Suppose there is a Hermitian matrix $W\in\mathbb{C}^{mn\times mn}$ with size $mn\times mn$. Denote $W_{ij}$ as the submatrix with size $n\times n$ in the following position: \begin{equation} W=\begin{bmatrix} W_{11}& W_{12} &\cdots &W_{1m}\\ W_{21} &W_{22} &\cdots &W_{2m}\\ \vdots &\vdots &\ddots &\vdots \\ W_{m1}& W_{m2}& \cdots &W_{mm}\\ \end{bmatrix} \end{equation}
$W_{ij}$ is known to be Hermitian and positive semi-definite.
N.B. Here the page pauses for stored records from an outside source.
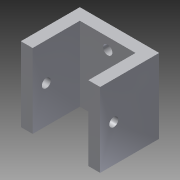
# Autodesk Inventor part: LiftBase2
Saved by Autodesk Inventor 2013 (Build 170138000, 138)
## iProperties
Created: 2013-10-12
Part Number: LiftBase2
Material: Aluminum 6061
Document SubType Name: Modeling
Designer: cobrooks
Density: 1 g/cm^3
Author: cobrooks
Autodesk Inventor part; units mm, degrees
ref_plane "YZ Plane" through (0, 0, 0) normal (1, 0, 0) x (0, 1, 0)
ref_plane "XZ Plane" through (0, 0, 0) normal (0, 1, 0) x (-1, 0, 0)
ref_plane "XY Plane" through (0, 0, 0) normal (0, 0, 1) x (1, 0, 0)
sketch "Sketch1" plane through (0, 0, 0) normal (0, 0, 1) x (1, 0, 0)
  line L0 (0, 0) -> (-42.672, 0)
  line L1 (-42.672, 0) -> (-42.672, 40)
  line L2 (-42.672, 40) -> (0, 40)
  line L3 (0, 40) -> (0, 0)
  dimension "d0" = 42.672
  dimension "d1" = 40
  constraints: 8 end point, 2 parallel, 1 horizontal, 1 perpendicular
  measures "d0" distance of L1.end L2.end
  measures "d1" distance between parallel lines of L0 L2
extrude "Extrusion1" add sketch "Sketch1" along normal blind 6.35
sketch "Sketch2" plane through (0, 0, 6.35) normal (0, 0, 1) x (1, 0, 0)
  line L0 (-42.672, 0) -> (0, 0) projected
  line L1 (-42.672, 40) -> (-36.322, 40)
  line L2 (-36.322, 40) -> (-36.322, 0)
  line L3 (-36.322, 0) -> (-42.672, 0)
  line L4 (-42.672, 0) -> (-42.672, 40)
  dimension "d4" = 6.35
  constraints: 8 end point, 2 parallel, 1 horizontal, 1 perpendicular, 1 point on line
  measures "d4" distance of L2.end L3.end
extrude "Extrusion2" add sketch "Sketch2" along normal blind 25.4
sketch "Sketch3" plane through (0, 0, 6.35) normal (0, 0, 1) x (1, 0, 0)
  line L0 (-36.322, 0) -> (0, 0) projected
  line L1 (0, 40) -> (-6.35, 40)
  line L2 (-6.35, 40) -> (-6.35, 0)
  line L3 (-6.35, 0) -> (0, 0)
  line L4 (0, 0) -> (0, 40)
  dimension "d7" = 6.35
  constraints: 8 end point, 2 parallel, 1 horizontal, 1 perpendicular, 1 point on line
  measures "d7" distance of L3.end L2.end
extrude "Extrusion3" add sketch "Sketch3" along normal blind 25.4
sketch "Sketch4" plane through (0, 0, 0) normal (1, 0, 0) x (0, 0, -1)
  circle A0 centre (-24.4119, 20) radius 2.413
  dimension "d10" = 4.826
  constraints: 1 centre point
  measures "d10" diameter of A0
extrude "Extrusion4" cut sketch "Sketch4" against normal blind 76.2
sketch "Sketch5" plane through (0, 0, 6.35) normal (0, 0, 1) x (1, 0, 0)
  line L0 (-6.35, 40) -> (-36.322, 40) projected
  line L1 (-36.322, 0) -> (-6.35, 0) projected
  point P0 (0, 0)
  point P1 (-21.336, 33.904)
  point P2 (-21.336, 6.096)
  dimension "d13" = 6.096
  dimension "d14" = 6.096
  measures "d13" distance from line of L0 point (-21.336, 33.904)
  measures "d14" distance from line of point (-21.336, 6.096) L1
hole "Hole1" at (-21.336, 33.904, 6.35) at (-21.336, 6.096, 6.35) direction (0, 0, -1) diameter 5 end through all
body "Solid1"
Autodesk Fusion 360 part; units mm, degrees
(part 5 of 5)
  constraint perpendicular L8 L9
  constraint parallel L8 L10
  constraint parallel L9 L11
  constraint coincident P0 L0.end
  constraint coincident P1 L1.end
  constraint coincident P3 L0.start
  constraint coincident P9 L15.start
  constraint coincident P10 L15.end
  constraint coincident P11 L16.end
  constraint coincident P8 L17.start
  constraint coincident P15 L18.start
  constraint coincident P12 L19.start
  constraint coincident P13 L20.start
  constraint coincident P14 L20.end
  constraint midpoint L12 A0.centre
  constraint midpoint L13 A1.centre
  constraint midpoint L14 A2.centre
  constraint coincident P2 L2.end
  constraint midpoint L23 A3.centre
  constraint equal A0 A1
  constraint equal A1 A3
  constraint equal A2 A3
  constraint horizontal L64
  constraint perpendicular L57 L64
  constraint parallel L57 L62
  constraint coincident P28 P16
  constraint coincident P17 L55.start
  constraint coincident P18 L54.start
  constraint coincident P24 L59.end
  constraint coincident P29 L58.end
  constraint coincident P20 L70.start
  constraint coincident P30 L63.end
  constraint coincident P22 L56.end
  constraint coincident P33 L56.start
  constraint coincident P31 L58.start
  constraint coincident P32 L65.start
  constraint coincident P23 L65.end
  constraint midpoint A7.centre L73
  constraint midpoint A4.centre L54
  constraint midpoint A6.centre L68
  constraint coincident P19 L59.start
  constraint midpoint A5.centre L67
  constraint equal A4 A7
  constraint equal A4 A5
  constraint equal A5 A6
  constraint horizontal L123
  constraint perpendicular L123 L131
  constraint parallel L130 L131
  constraint coincident P46 P40
  constraint coincident P39 L126.start
  constraint coincident P38 L120.start
  constraint coincident P37 L118.end
  constraint coincident P47 L119.start
  constraint coincident P42 L119.end
  constraint coincident P48 L128.end
  constraint coincident P35 L117.end
  constraint coincident P44 L117.start
  constraint coincident P52 L129.start
  constraint coincident P50 L133.start
  constraint coincident P36 L125.start
  constraint midpoint A11.centre L132
  constraint midpoint A10.centre L122
  constraint midpoint A9.centre L121
  constraint coincident P41 L118.start
  constraint midpoint A8.centre L127
  constraint equal A10 A11
  constraint equal A8 A10
  constraint equal A8 A9
  measures "d633" distance of P2 L11
  measures "d634" distance of P3 L9
  measures "d635" distance of P0 L10
  measures "d636" distance of P3 L8
  measures "d637" diameter of A0
  measures "d664" distance of P19 L62
  measures "d665" distance of P24 L57
  measures "d666" distance of P17 L69
  measures "d667" distance of P24 L64
  measures "d668" diameter of A7
  measures "d670" distance of P41 L130
  measures "d671" distance of P37 L131
  measures "d672" distance of P39 L124
  measures "d673" distance of P37 L123
  measures "d674" diameter of A11
extrude "Extrude4''''" add sketch "Sketch2 (5)" along normal blind 3.6 separate body contours L0 L3 L22 | L0 L1 L15 | L2 L3 L21 | L1 L2 L17 | L8 L9 L10 L11 | L24 S0 S1 S2 S3 S4 S5 S6 L25 S7 S8 S9 S10 S11 S12 S13 L26 S14 S15 S16 S17 S18 S19 S20 S21 S22 S23 S24 S25 S26 | L27 L28 L29 L30 | L31 S27 S28 S29 S30 S31 S32 S33 S34 S35 S36 S37 S38 S39 S40 S41 S42 S43 S44 | S45 S46 S47 S48 S49 S50 S51 S52 S53 | L32 L33 L34 S54 S55 S56 S57 S58 S59 S60 L35 L36 L37 S61 S62 S63 S64 S65 L38 L39 L40 S66 S67 S68 S69 S70 L41 L42 | L43 L44 L45 S71 S72 S73 S74 S75 S76 S77 L46 L47 L48 S78 S79 S80 S81 S82 L49 L50 L51 S83 S84 S85 S86 S87 L52 L53 picked at (11.9917, 14.9333) picked at (11.9917, -11.1667) picked at (-11.9917, 14.9333) picked at (-11.9917, -11.1667) picked at (16.2215, -1.3333) picked at (4.9489, -15.6243) picked at (3.366, -14.1398) picked at (2.568, -15.6926) picked at (1.6677, -15.419) picked at (0.132, -15.1003) picked at (-3.3591, -15.1003) makes body 21 in component "display trial"
extrude "Extrude5''''" cut sketch "Sketch1 (7)" along normal blind 2.5 from surface at -4 contours A0 | A1 | A2 | A3 picked at (-16.5962, -15.4559) picked at (16.6171, -15.5472) picked at (16.0634, 19.1784) picked at (-16.4833, 19.2742) bodies 20 in component "display trial"
extrude "Extrude53" cut sketch "Display cutout (2)" against normal blind 2.5 contours A0 | A1 | A2 | A3 picked at (-46.5866, -131.8202) picked at (-13.9366, -131.8202) picked at (-46.0119, -97.0946) picked at (-13.6923, -97.7089) bodies 5 in component "GM67 + printer"
extrude "Extrude54" cut sketch "SCanner support" against normal up to surface (4 mm away) contours A8 | A9 picked at (14.888, -97.705) picked at (48.012, -96.756) bodies 5 in component "GM67 + printer"
extrude "Extrude55" add sketch "Display cutout (2)" along normal up to surface (1.5 mm away) from surface at -4 contours L14 L22 L23 L24 L25 L33 | L15 L22 L23 L24 L25 L34 picked at (-16.675, -118.5474) picked at (-42.825, -118.5474) bodies 5 in component "GM67 + printer"
extrude "Extrude6'''" add sketch "Sketch2 (5)" along normal blind 3.4 separate body contours L55 L61 L71 | L55 L60 L63 | L59 L61 L66 | L59 L60 L72 | L57 L62 L64 L69 | L74 S88 S89 S90 S91 S92 S93 S94 L75 S95 S96 S97 S98 S99 S100 S101 L76 S102 S103 S104 S105 S106 S107 S108 S109 S110 S111 S112 S113 S114 | L77 L78 L79 L80 | L81 L82 L83 L84 L85 L86 L87 L88 L89 L90 L91 | L92 L93 L94 | L95 L96 L97 S115 S116 S117 S118 S119 S120 S121 L98 L99 L100 S122 S123 S124 S125 S126 L101 L102 L103 S127 S128 S129 S130 S131 L104 L105 | L106 L107 L108 S132 S133 S134 S135 S136 S137 S138 L109 L110 L111 S139 S140 S141 S142 S143 L112 L113 L114 S144 S145 S146 S147 S148 L115 L116 picked at (-59.0083, -11.1667) picked at (-82.9917, -11.1667) picked at (-59.0083, 14.9333) picked at (-82.9917, 14.9333) picked at (-54.7785, -1.3333) picked at (-66.0511, -15.6243) picked at (-67.634, -14.1398) picked at (-69.7384, -16.1548) picked at (-69.1797, -15.5068) picked at (-70.868, -15.1003) picked at (-74.3591, -15.1003) makes body 22 in component "display trial"
extrude "Extrude7''" add sketch "Sketch2 (5)" along normal blind 3.2 separate body contours L118 L120 L125 | L120 L126 L134 | L118 L135 L136 | L119 L126 L136 | L123 L124 L130 L131 | L137 S149 S150 S151 S152 S153 S154 S155 L138 S156 S157 S158 S159 S160 S161 S162 L139 S163 S164 S165 S166 S167 S168 S169 S170 S171 S172 S173 S174 S175 | L140 L141 L142 L143 | L144 L145 S176 S177 S178 S179 S180 S181 S182 S183 S184 L146 S185 S186 S187 S188 S189 S190 S191 S192 S193 L147 | L148 L149 L150 S194 S195 S196 S197 S198 S199 S200 L151 L152 L153 S201 S202 S203 S204 S205 L154 L155 L156 S206 S207 S208 S209 S210 L157 L158 | L159 L160 L161 S211 S212 S213 S214 S215 S216 S217 L162 L163 L164 S218 S219 S220 S221 S222 L165 L166 L167 S223 S224 S225 S226 S227 L168 L169 picked at (-137.9917, 14.9333) picked at (-137.9917, -11.1667) picked at (-114.0083, 14.9333) picked at (-114.0083, -11.1667) picked at (-109.7785, -1.3333) picked at (-121.0511, -15.6243) picked at (-122.634, -14.1398) picked at (-124.0965, -14.118) picked at (-125.868, -15.1003) picked at (-129.3591, -15.1003) makes body 23 in component "display trial"
extrude "Extrude8'''" cut sketch "Sketch2 (5)" against normal blind 1.5 from surface at 3.6 contours L24 S0 S1 S2 S3 S4 S5 S6 L25 S8 S9 S10 S11 S12 S13 L26 S14 S15 S16 S17 S18 S19 S20 S21 S22 S23 S24 S25 S26 | L27 L28 L29 L30 | L31 S27 S28 S29 S30 S31 S32 S33 S34 S35 S36 S37 S38 S39 S40 S41 S42 S43 S44 | L32 L33 L34 S54 S55 S56 S57 S58 S59 S60 L35 L36 L37 S61 S62 S63 S64 S65 L38 L39 L40 S66 S67 S68 S69 S70 L41 L42 | L43 L44 L45 S71 S72 S73 S74 S75 S76 S77 L46 L47 L48 S78 S79 S80 S81 S82 L49 L50 L51 S83 S84 S85 S86 S87 L52 L53 picked at (4.9451, -15.6266) picked at (3.366, -14.1398) picked at (2.568, -15.6926) picked at (0.132, -15.1003) picked at (-3.3591, -15.1003) bodies 21 in component "display trial"
extrude "Extrude9" cut sketch "Sketch2 (5)" against normal blind 1.5 from surface at 3.4 contours L74 S88 S89 S90 S91 S92 S93 S94 L75 S96 S97 S98 S99 S100 S101 L76 S102 S103 S104 S105 S106 S107 S108 S109 S110 S111 S112 S113 S114 | L77 L78 L79 L80 | L81 L82 L83 L84 L85 L86 L87 L88 L89 L90 L91 | L95 L96 L97 S115 S116 S117 S118 S119 S120 S121 L98 L99 L100 S122 S123 S124 S125 S126 L101 L102 L103 S127 S128 S129 S130 S131 L104 L105 | L106 L107 L108 S132 S133 S134 S135 S136 S137 S138 L109 L110 L111 S139 S140 S141 S142 S143 L112 L113 L114 S144 S145 S146 S147 S148 L115 L116 picked at (-66.0549, -15.6266) picked at (-67.634, -14.1398) picked at (-69.7384, -16.1548) picked at (-70.868, -15.1003) picked at (-74.3591, -15.1003) bodies 22 in component "display trial"
extrude "Extrude10" cut sketch "Sketch2 (5)" against normal blind 1.5 from surface at 3.2 contours L137 S149 S150 S151 S152 S153 S154 S155 L138 S157 S158 S159 S160 S161 S162 L139 S163 S164 S165 S166 S167 S168 S169 S170 S171 S172 S173 S174 S175 | L140 L141 L142 L143 | L144 L145 S176 S177 S178 S179 S180 S181 S182 S183 S184 L146 S185 S186 S187 S188 S189 S190 S191 S192 S193 L147 | L148 L149 L150 S194 S195 S196 S197 S198 S199 S200 L151 L152 L153 S201 S202 S203 S204 S205 L154 L155 L156 S206 S207 S208 S209 S210 L157 L158 | L159 L160 L161 S211 S212 S213 S214 S215 S216 S217 L162 L163 L164 S218 S219 S220 S221 S222 L165 L166 L167 S223 S224 S225 S226 S227 L168 L169 picked at (-121.0549, -15.6266) picked at (-122.634, -14.1398) picked at (-124.0965, -14.118) picked at (-125.868, -15.1003) picked at (-129.3591, -15.1003) bodies 23 in component "display trial"
sketch "Sketch1 (8)" plane through (0, 0, 0) normal (0, 1, 0) x (1, 0, 0) in component "Bottom LID - Printer"
  line L0 (0, -115) -> (4, -115)
  arc A0 (19, -100) -> (4, -115) centre (19, -115) ccw
  line L1 (19, -100) -> (43.5, -100)
  arc A1 (43.5, -100) -> (53.5, -90) centre (43.5, -90) ccw
  line L2 (53.5, -90) -> (53.5, -10)
  arc A2 (53.5, -10) -> (43.5, 0) centre (43.5, -10) ccw
  line L3 (43.5, 0) -> (0, 0)
  line L4 (0, 0) -> (0, -115)
  line L5 (49.5, -10) -> (49.5, -90)
  arc A3 (43.5, -96) -> (49.5, -90) centre (43.5, -90) ccw
  line L6 (43.5, -96) -> (4, -96)
  line L7 (4, -96) -> (4, -4)
  line L8 (4, -4) -> (43.5, -4)
  arc A4 (49.5, -10) -> (43.5, -4) centre (43.5, -10) ccw
  line L9 (12, -4) -> (4, -4)
  line L10 (4, -4) -> (4, -12)
  arc A5 (4, -12) -> (12, -4) centre (4, -4) ccw
  line L11 (4, -88) -> (4, -96)
  line L12 (4, -96) -> (12, -96)
  arc A6 (12, -96) -> (4, -88) centre (4, -96) ccw
  arc A7 (45.5, -10) -> (43.5, -8) centre (43.5, -10) ccw
  arc A8 (43.5, -92) -> (45.5, -90) centre (43.5, -90) ccw
  line L13 (45.5, -10) -> (45.5, -90)
  arc A9 (8, -15.3137) -> (15.3137, -8) centre (4, -4) ccw
  arc A10 (15.3137, -92) -> (8, -84.6863) centre (4, -96) ccw
  line L14 (15.3137, -8) -> (43.5, -8)
  line L15 (8, -84.6863) -> (8, -15.3137)
  line L16 (43.5, -92) -> (15.3137, -92)
  circle A11 centre (6.8284, -6.8284) radius 1.75
  circle A12 centre (6.8284, -6.8284) radius 2.8
  circle A13 centre (6.8284, -93.1716) radius 1.75
  circle A14 centre (6.8284, -93.1716) radius 2.8
  line L17 (15.3137, -92) -> (15.3137, -96)
  line L18 (15.3137, -8) -> (15.3137, -4)
  line L19 (40.3137, -96) -> (40.3137, -92)
  line L20 (40.3137, -8) -> (40.3137, -4)
  point P0 (6.8284, -6.8284)
  point P1 (6.8284, -93.1716)
  dimension "d698" = 3.5
  dimension "d699" = 5.6
  dimension "d707" = 25
  constraint concentric A5 A9
  constraint concentric A4 A7
  constraint concentric A3 A8
  constraint tangent A8 L16
  constraint tangent A7 L13
  constraint tangent A8 L13
  constraint coincident P0 A11.centre
  constraint concentric A11 A12
  constraint coincident P1 A13.centre
  constraint equal A12 A14
  constraint equal A11 A13
  constraint coincident L6 L17.end
  constraint perpendicular L6 L17
  constraint coincident L8 L18.end
  constraint perpendicular L8 L18
  constraint coincident L6 L19.start
  constraint coincident L16 L19.end
  constraint perpendicular L16 L19
  constraint coincident L14 L20.start
  constraint coincident L8 L20.end
  constraint perpendicular L8 L20
  constraint collinear L19 L20
  measures "d698" diameter of A11
  measures "d699" diameter of A12
  measures "d707" distance of L17 L19.end
extrude "Extrude1''''''''''" add sketch "Sketch1 (8)" against normal blind 8 separate body contours L5 A3 L6 L8 A4 A7 A8 L13 L14 L16 L19 L20 | L8 L14 L18 L20 | L6 L16 L17 L19 | L6 L7 L8 A5 A6 A9 A10 L15 L17 L18 picked at (48.1667, -63.3333) picked at (31.9804, -6.6667) picked at (31.9804, -94.6667) picked at (5.3333, -61.5621) makes body 24 in component "Bottom LID - Printer"
extrude "Extrude3'''''''" add sketch "Sketch1 (8)" along normal blind 4 contours L0 A0 L1 A1 L2 A2 L3 L4 | L5 A3 L6 L8 A4 A7 A8 L13 L14 L16 L19 L20 | L8 L14 L18 L20 | L6 L16 L17 L19 | L6 L7 L8 A5 A6 A9 A10 L15 L17 L18 | A7 A8 L13 A9 A10 L14 L15 L16 | L7 L8 L9 L10 A5 | L6 L7 L11 L12 A6 | A12 | A14 picked at (8.9635, -98.1271) picked at (48.1667, -63.3333) picked at (31.9804, -6.6667) picked at (31.9804, -94.6667) picked at (5.3333, -61.5621) picked at (33.5434, -61.8009) picked at (11.0202, -4.7965) picked at (11.0202, -95.2035) picked at (9.268, -6.9675) picked at (9.268, -93.3107) bodies 24 in component "Bottom LID - Printer"
extrude "Extrude5'''''" add sketch "Sketch1 (8)" against normal blind 2.5 contours L7 L8 L9 L10 A5 | L6 L7 L11 L12 A6 | A12 | A14 picked at (11.0202, -4.7965) picked at (11.0202, -95.2035) picked at (9.268, -6.9675) picked at (9.268, -93.3107) bodies 24 in component "Bottom LID - Printer"
extrude "Extrude6''''" cut sketch "Sketch1 (8)" against normal blind 3 from surface at 4 contours A12 | A14 picked at (9.268, -6.9675) picked at (9.268, -93.3107) bodies 24 in component "Bottom LID - Printer"
extrude "Extrude7'''" add sketch "Sketch1 (8)" against normal blind 5 from surface at -8 contours L8 L14 L18 L20 | L6 L16 L17 L19 picked at (31.9804, -6.6667) picked at (31.9804, -94.6667) bodies 24 in component "Bottom LID - Printer"
fillet "Fillet2'" radius 2 8 edges at (15.3137, -8, 6) (15.3137, -13, 6) (40.3137, -13, 6) (40.3137, -8, 6) (40.3137, -8, 94) (40.3137, -13, 94) (15.3137, -13, 94) (15.3137, -8, 94) on bodies 24 in component "Bottom LID - Printer"
sketch "Sketch1 (9)" plane through (0, 0, 0) normal (0, 1, 0) x (1, 0, 0) in component "Top lid"
  line L0 (0, 0) -> (183.0748, 0)
  line L1 (53.5, -96) -> (53.5, -4)
  line L2 (196.0652, -7.5) -> (240.6025, -84.641)
  line L3 (192.6011, -9.5) -> (237.1384, -86.641)
  line L4 (4, -4) -> (183.0748, -4)
  arc A0 (109.3397, -4) -> (125.3397, -4) centre (117.3397, -4) ccw
  arc A1 (53.5, -12) -> (61.5, -4) centre (53.5, -4) ccw
  arc A2 (61.5, -96) -> (53.5, -88) centre (53.5, -96) ccw
  line L5 (125.3397, -96) -> (19, -96)
  line L6 (125.3397, -100) -> (19, -100)
  arc A3 (141.7942, -105.5) -> (125.3397, -96) centre (125.3397, -115) ccw
  arc A4 (138.3301, -107.5) -> (125.3397, -100) centre (125.3397, -115) ccw
  line L7 (154, -134.641) -> (138.3301, -107.5)
  line L8 (157.4641, -132.641) -> (141.7942, -105.5)
  line L9 (179.9994, -4) -> (179.9994, -6.8969)
  line L10 (181.9766, -9.7171) -> (186.9578, -11.5237)
  arc A5 (179.9994, -6.8969) -> (181.9766, -9.7171) centre (182.9994, -6.8969) ccw
  line L11 (192.6011, -9.5) -> (189.4806, -11.3016)
  arc A6 (196.0652, -7.5) -> (183.0748, 0) centre (183.0748, -15) ccw
  arc A7 (186.9578, -11.5237) -> (189.4806, -11.3016) centre (187.9806, -8.7035) ccw
  arc A8 (154, -134.641) -> (174.4904, -140.1314) centre (166.9904, -127.141) ccw
  arc A9 (157.4641, -132.641) -> (172.4904, -136.6673) centre (166.9904, -127.141) ccw
  spline S0 degree 2 poles (157.4641, -132.641) (166.9904, -127.141) (172.4904, -136.6673) knots 0 0 0 1.944544 1.944544 1.944544 weights 1 3 1
  line L12 (233.1122, -101.6673) -> (172.4904, -136.6673)
  line L13 (235.1122, -105.1314) -> (174.4904, -140.1314)
  arc A10 (233.1122, -101.6673) -> (237.1384, -86.641) centre (227.6122, -92.141) ccw
  spline S1 degree 2 poles (233.1122, -101.6673) (227.6122, -92.141) (237.1384, -86.641) knots 0 0 0 1.944544 1.944544 1.944544 weights 1 3 1
  arc A11 (235.1122, -105.1314) -> (240.6025, -84.641) centre (227.6122, -92.141) ccw
  line L14 (53.5, -4) -> (53.5, 0)
  line L15 (53.5, -96) -> (53.5, -100)
  circle A12 centre (56.3284, -93.1716) radius 1.75
  circle A13 centre (165.1786, -133.9025) radius 1.75
  circle A14 centre (234.3736, -93.9527) radius 1.75
  arc A15 (125.3397, -96) -> (109.3397, -96) centre (117.3397, -96) ccw
  circle A16 centre (117.3397, -93.1716) radius 1.75
  circle A17 centre (56.3284, -6.8284) radius 1.75
  circle A18 centre (117.3397, -6.8284) radius 1.75
  circle A19 centre (185.872, -7.6542) radius 1.75
  circle A20 centre (56.3284, -6.8284) radius 2.75
  circle A21 centre (117.3397, -6.8284) radius 2.75
  circle A22 centre (185.872, -7.6542) radius 2.75
  circle A23 centre (117.3397, -93.1716) radius 2.75
  circle A24 centre (56.3284, -93.1716) radius 2.75
  circle A25 centre (234.3736, -93.9527) radius 2.75
  circle A26 centre (165.1786, -133.9025) radius 2.75
  arc A27 (43.5, -100) -> (53.5, -90) centre (43.5, -90) ccw
  line L16 (43.5, -100) -> (125.3397, -100)
  arc A28 (53.5, -10) -> (43.5, 0) centre (43.5, -10) ccw
  line L17 (183.0748, 0) -> (43.5, 0)
  arc A29 (192.6011, -9.5) -> (183.0748, -4) centre (183.0748, -15) ccw
  line L18 (158.9576, -127.2278) -> (145.2583, -103.5)
  arc A30 (145.2583, -103.5) -> (128.7396, -92.2527) centre (125.3397, -115) ccw
  arc A31 (64.8137, -92) -> (57.5, -84.6863) centre (53.5, -96) ccw
  arc A32 (57.5, -15.3137) -> (64.8137, -8) centre (53.5, -4) ccw
  arc A33 (106.026, -8) -> (128.6534, -8) centre (117.3397, -4) ccw
  arc A34 (176.0869, -8) -> (180.6127, -13.4774) centre (182.9994, -6.8969) ccw
  line L19 (180.6127, -13.4774) -> (185.5939, -15.284)
  arc A35 (185.5939, -15.284) -> (191.4806, -14.7657) centre (187.9806, -8.7035) ccw
  line L20 (191.1313, -14.9543) -> (231.7036, -85.2276)
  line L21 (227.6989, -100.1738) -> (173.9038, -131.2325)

What kind of condition can guarantee that $W$ is positive definite?
Do we have some results like if $W_{ii}\succ \sum_{j\neq i}W_{ij} $ for each $i$, then $W$ is positive definite?
Yes, this is sufficient. Let $P_i=W_{ii}-\sum_{j\ne i}W_{ij}$. Then \begin{aligned} W=\,&\pmatrix{P_1\\ &P_2\\ &&\ddots\\ &&&\ddots\\ &&&&P_m}\\ &+\pmatrix{W_{12}&W_{12}\\ W_{12}&W_{12}\\ \\ \\ &&&&} +\pmatrix{W_{13}&&W_{13}\\ \\ W_{13}&&W_{13}\\ \\ &&&&}+\cdots +\pmatrix{\\ \\ \\ &&&W_{m-1,m}&W_{m-1,m}\\ &&&W_{m-1,m}&W_{m-1,m}}. \end{aligned} The first summand by assumption is positive definite, while each of the other summands is positive semidefinite, because it is, up to a permutation of rows and columns, equal to a Kronecker product of the form $$ \pmatrix{1&1\\ 1&1\\ &&0\\ &&&\ddots\\ &&&&0}\otimes W_{ij}. $$ Hence $W$ is positive definite.